Das kalifornische Unternehmen Klout analysiert die Beiträge von Nutzern bei Diensten wie Facebook, Twitter, YouTube, Google+ und LinkedIn und ermittelt daraus einen Wert der Online-Reputation auf einer Skala von 1 bis 100. An der Spitze liegt derzeit US-Präsident Barack Obama mit einem Klout-Wert von 99, der in allen maßgeblichen Netzwerken mit großer Reichweite aktiv ist.

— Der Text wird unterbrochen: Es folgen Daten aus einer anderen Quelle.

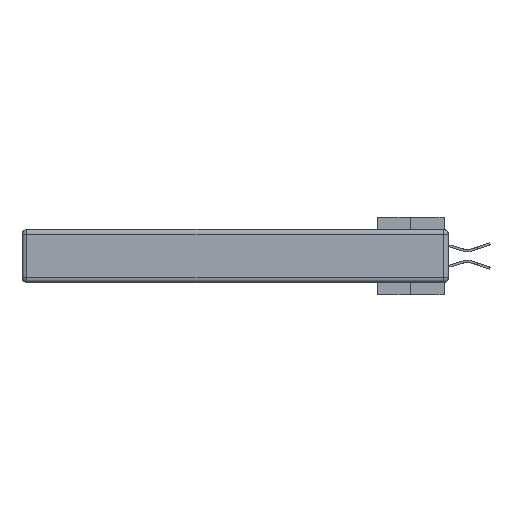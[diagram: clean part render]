
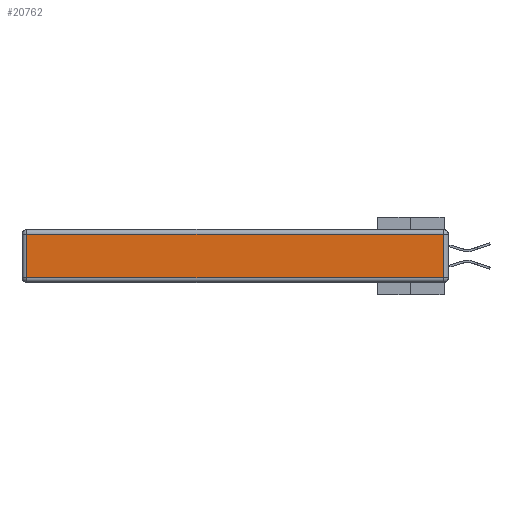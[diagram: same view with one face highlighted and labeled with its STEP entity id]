
A CAD part, left-side view. The second image highlights one B-rep face of the part: STEP entity #20762.
In plain terms, the highlighted planar face has unit normal (-1, 0, 0).
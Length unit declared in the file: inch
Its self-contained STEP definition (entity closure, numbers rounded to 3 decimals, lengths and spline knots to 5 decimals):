
#580 = CARTESIAN_POINT ( 'NONE',  ( 0., 0.03, -0.03 ) ) ;
#608 = VERTEX_POINT ( 'NONE', #3006 ) ;
#875 = VERTEX_POINT ( 'NONE', #5013 ) ;
#1066 = CARTESIAN_POINT ( 'NONE',  ( 0., 0.03, -0.343 ) ) ;
#1210 = AXIS2_PLACEMENT_3D ( 'NONE', #19399, #12949, #6396 ) ;
#2749 = VECTOR ( 'NONE', #25957, 39.37008 ) ;
#3006 = CARTESIAN_POINT ( 'NONE',  ( 0., 0.03, -0.313 ) ) ;
#5013 = CARTESIAN_POINT ( 'NONE',  ( 0., 2.72, -0.313 ) ) ;
#6004 = EDGE_LOOP ( 'NONE', ( #14684, #16897, #8172, #34044 ) ) ;
#6254 = VECTOR ( 'NONE', #13166, 39.37008 ) ;
#6305 = LINE ( 'NONE', #40391, #6254 ) ;
#6396 = DIRECTION ( 'NONE',  ( 0., 0., 1. ) ) ;
#6540 = EDGE_CURVE ( 'NONE', #608, #30930, #34248, .T. ) ;
#6711 = EDGE_CURVE ( 'NONE', #30930, #24465, #6305, .T. ) ;
#8172 = ORIENTED_EDGE ( 'NONE', *, *, #6711, .T. ) ;
#8457 = LINE ( 'NONE', #22594, #2749 ) ;
#12350 = VECTOR ( 'NONE', #14319, 39.37008 ) ;
#12949 = DIRECTION ( 'NONE',  ( -1., 0., 0. ) ) ;
#13166 = DIRECTION ( 'NONE',  ( 0., 1., 0. ) ) ;
#13775 = LINE ( 'NONE', #32274, #32510 ) ;
#14319 = DIRECTION ( 'NONE',  ( 0., 0., 1. ) ) ;
#14684 = ORIENTED_EDGE ( 'NONE', *, *, #39366, .T. ) ;
#16897 = ORIENTED_EDGE ( 'NONE', *, *, #6540, .T. ) ;
#19399 = CARTESIAN_POINT ( 'NONE',  ( 0., 0., -0.343 ) ) ;
#19662 = PLANE ( 'NONE',  #1210 ) ;
#20762 = ADVANCED_FACE ( 'NONE', ( #24488 ), #19662, .T. ) ;
#22594 = CARTESIAN_POINT ( 'NONE',  ( 0., 0., -0.313 ) ) ;
#24465 = VERTEX_POINT ( 'NONE', #35299 ) ;
#24488 = FACE_OUTER_BOUND ( 'NONE', #6004, .T. ) ;
#25957 = DIRECTION ( 'NONE',  ( 0., -1., 0. ) ) ;
#29222 = EDGE_CURVE ( 'NONE', #24465, #875, #13775, .T. ) ;
#30930 = VERTEX_POINT ( 'NONE', #580 ) ;
#32274 = CARTESIAN_POINT ( 'NONE',  ( 0., 2.72, -0.343 ) ) ;
#32510 = VECTOR ( 'NONE', #35634, 39.37008 ) ;
#34044 = ORIENTED_EDGE ( 'NONE', *, *, #29222, .T. ) ;
#34248 = LINE ( 'NONE', #1066, #12350 ) ;
#35299 = CARTESIAN_POINT ( 'NONE',  ( 0., 2.72, -0.03 ) ) ;
#35634 = DIRECTION ( 'NONE',  ( 0., 0., -1. ) ) ;
#39366 = EDGE_CURVE ( 'NONE', #875, #608, #8457, .T. ) ;
#40391 = CARTESIAN_POINT ( 'NONE',  ( 0., 2.75, -0.03 ) ) ;

Die Zusammenarbeit von Microsoft und Klout wird zunächst nur Auswirkungen auf Bing-Anwender in den USA und Kanada haben, erklärte Microsoft. Wenn sie bei der Suche auf Bing gleichzeitig im Sozialen Netzwerk Facebook eingeloggt sind, sehen sie bei Suchen eventuell vorhandene Klout-Werte von gefundenen Personen oder Marken. Das soll nicht nur bei Suchanfragen funktionieren, die einzelne Namen betreffen. Auch bei der Suche nach Filmbesprechungen sollen beispielsweise die „Klout-Scores" der in den Suchergebnissen gelisteten Filmkritiker erscheinen. Damit können die Bing-Anwender auf einen Blick sehen, wie hoch die Online-Reputation der jeweiligen Autoren ist.

Umstrittene Bewertung
Das Ranking durch Klout ist nicht unumstritten. Kritiker bemängeln, dass der Algorithmus von Klout sich vor allem an der Quantität von Social-Media-Aktivitäten orientiere und zu wenig die Qualität der Inhalte berücksichtige.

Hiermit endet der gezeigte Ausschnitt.